Tuesday, January 08, 2019

Social justice in library instruction: call for proposals

The ACRL Instruction Section Conference Program Planning Committee is calling for proposals to talk on social justice in library instruction, for a virtual program in "late spring 2019". "We invite proposals from diverse voices and institutions that demonstrate engaging and practical applications of the the successful integration of social justice in library instruction. Proposals should specify how attendees can utilize these approaches and could include lesson plans, classroom activities, demonstrations, or course syllabi. We will ask you to share an artifact or document of your lesson plans, activities, demonstrations, or syllabi with the audience for practical application and adaptation. Each panelist will have 10-15 minutes to showcase their approach (e.g. a lesson plan, classroom activity, demonstration, course syllabi, etc.). There will be a Q&A period following all presenters." The deadline for proposals is 1 February 2019, and the form is here:
Photo by Sheila Webber: Canary Wharf in the mist, December 2018

Monday, January 07, 2019

New articles: pharmacy students; evaluation of teen #healthliteracy projects

- Conlogue, B.C. (2019). Information literacy instruction for pharmacy students: a pharmacy librarian reflects on a year of teaching. Journal of the Medical Library Association, 107(1), 98–102. "Librarians have ever-expanding teaching responsibilities in many academic disciplines. Assessment of learning outcomes requires longitudinal evaluation to measure true retention of skills and knowledge. This is especially important in the health sciences, including pharmacy, where librarians take an active role in teaching students to help prepare them for a profession in which solid information literacy skills are required to safely and effectively provide evidence-based care to patients. In this commentary, I reflect on a year of teaching in a pharmacy program and consider the outcomes of my instruction, areas for improvement, student retention of learning, assessment challenges, faculty-librarian collaboration, and continued support for library instruction in the pharmacy curriculum."
- Keselman, A., Chase, R. A., Rewolinski, J., Dutton, Y. C., & Kelly, J. E. (2019). Lessons learned from multisite implementation and evaluation of Project SHARE, a teen health information literacy, empowerment, and leadership program. Journal of the Medical Library Association, 107(1), 72-79. "Teens at six sites across the country participated in a multi-week curriculum that focused on various aspects of health literacy, information literacy, and leadership. Lesson topics addressed personal health, social determinants of health, information quality, and communication and advocacy skills. Program evaluation included both quantitative and qualitative components and focused on multiple knowledge and skills outcome variables. Results suggested that while teens at all sites showed improvement, particularly with respect to engagement and interest in the topics, the degree of gains in knowledge and information literacy measures varied significantly from site to site. On-site implementation planning, cohesive integration of added activities, and emphasis on retention can contribute to implementation and evaluation effectiveness.

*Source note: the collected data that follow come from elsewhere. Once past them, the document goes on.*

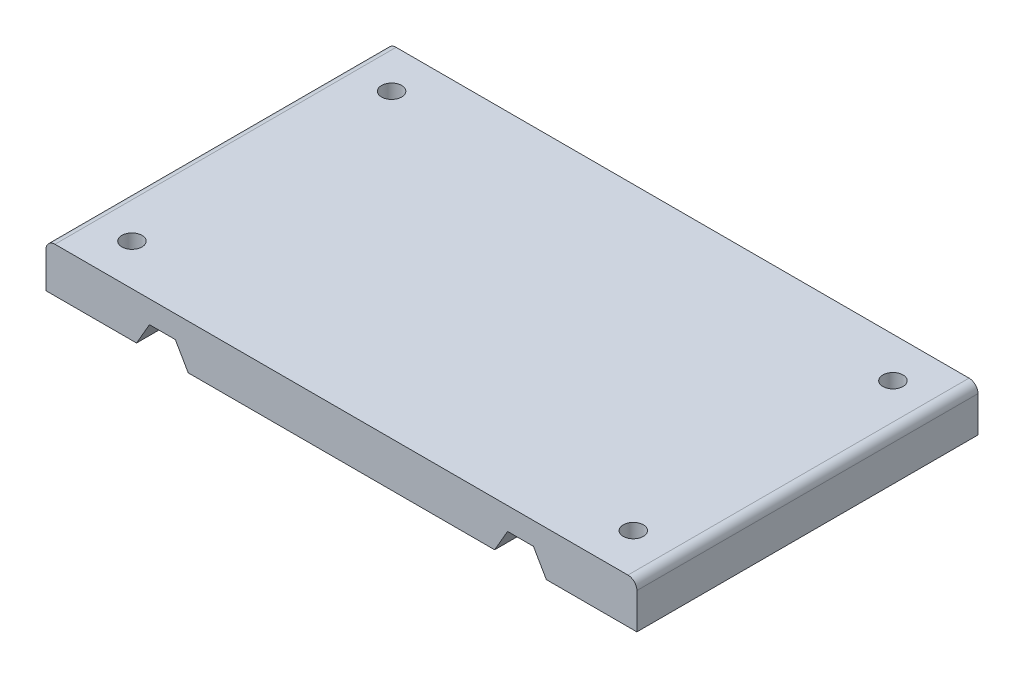
from build123d import *

# Parameters (mm, degrees)
SKETCH1_W            = 132
SKETCH1_H            = 10
BOSS_EXTRUDE1_DEPTH  = 76.2
CUT_EXTRUDE1_DEPTH   = 76.2
FILLET2_R            = 2
M4_CLEARANCE_HOLE1_D = 4.5


with BuildPart() as part:
    # Sketch1 → Boss-Extrude1 (new body)
    with BuildSketch(Plane.XY):
        with Locations((0, 5)):
            Rectangle(SKETCH1_W, SKETCH1_H)
    extrude(amount=BOSS_EXTRUDE1_DEPTH)

    # Sketch2 → Cut-Extrude1 (cut)
    with BuildSketch(Plane.XY.offset(76.2)):
        Polygon((34.226497308, 0), (37.113248654, -5), (42.886751346, -5), (45.773502692, 0), (42.886751346, 5), (37.113248654, 5), align=None)
        Polygon((-37.113248654, 5), (-34.226497308, 0), (-37.113248654, -5), (-42.886751346, -5), (-45.773502692, 0), (-42.886751346, 5), align=None)
    extrude(amount=-CUT_EXTRUDE1_DEPTH, mode=Mode.SUBTRACT)

    # Fillet2
    fillet2_edges = [part.edges().sort_by_distance(p)[0] for p in [
        (66, 10, 38.1),
        (-66, 10, 38.1),
    ]]
    fillet(fillet2_edges, radius=FILLET2_R)

    # M4 Clearance Hole1 (through all)
    with Locations(Plane(origin=(0, 10, 0), x_dir=(1, 0, 0), z_dir=(0, 1, 0))):
        with Locations((-56, -67), (-56, -9), (56, -9), (56, -67)):
            Hole(M4_CLEARANCE_HOLE1_D / 2)


solid = part.part

This work also underscores the limitation of a purely quantitative approach to capturing the impact of health information and stresses the importance of supplementing numerical scores and statistics with qualitative data."
Photo by Sheila Webber: Marmite jar collection, December 2018

Sunday, January 06, 2019

Booking opens for #LILAC19

Booking for the UK information literacy conference LILAC (taking place in Nottingham, UK, 24-26 April 2019) has started (though the programme isn't up yet). Go to

Saturday, January 05, 2019

Pew Research report on USA consumption of news

In December 2018 Pew Research Center published a report with results of research into the preferred mode of consuming news (of people in the USA). "Overall, 47% of Americans prefer watching the news rather than reading or listening to it. That is unchanged from 46% in 2016 and outpaces the 34% who prefer to read the news and 19% who prefer to listen to it – both of which also remain on par with 2016 figures." "Television continues to rank first as the preferred platform. Just over four-in-ten U.S. adults (44%) prefer TV, compared with about a third (34%) who prefer the web, 14% who prefer radio and 7% who prefer print. The only meaningful shifts since 2016 are a small increase in online and decrease in print news consumption." "Adults younger than 50 are more likely than those ages 50 and older to prefer the internet as the platform for getting news, regardless of which format (reading, watching or listening) they enjoy most." Full information at
Photo by Sheila Webber: festive/non-festive doors of South London, December 2018

Friday, January 04, 2019

Re-theorizing #Literacy Practices

An interesting book published right at the end of 2018: Bloome, D., Castanheira, M.L., Leung, C., & Rowsell, J. (Eds). (2018). Re-theorizing Literacy Practices: Complex Social and Cultural Contexts. Routledge. information here (or rather interesting-looking book: unfortunately, like all academic looks, it is not cheap, so I'm not sure yet whether I'll buy it and the library doesn't have it yet).
It focuses on literacy as a social practice: for me this connects, or should connect, with the work which looks at information literacy as a social practice (but I don't think the authors make that connection). The book is a tribute to the work of Brian V. Street, author of, for example, Social Literacies: Critical Approaches to Literacy in Development, Ethnography and Education (1995, Routledge) (information here).
Photo by Sheila Webber: Canary Wharf from the O2, December 2018

Thursday, January 03, 2019

Books and their reviews: Threshold concepts, Google Scholar; Undergraduate research

I don't usually include the book reviews when I list new journal articles, so I thought for a change I would pick out three of the books reviewed in the issue of Journal of Academic Librarianship (JAL) that I posted yesterday. Since JAL is a priced publication, I set myself the challenge of finding an open access review for each book as well. Here they are.
- Francis, M. (2017). The fun of motivation: Crossing the threshold concepts. Association of College and Research Libraries, Chicago, IL (2017), 168 pp. $48.00. ISBN 978-8389-8933-3. Information available here.  Reviews of the book: JAL review (priced article); C&RL review (open access)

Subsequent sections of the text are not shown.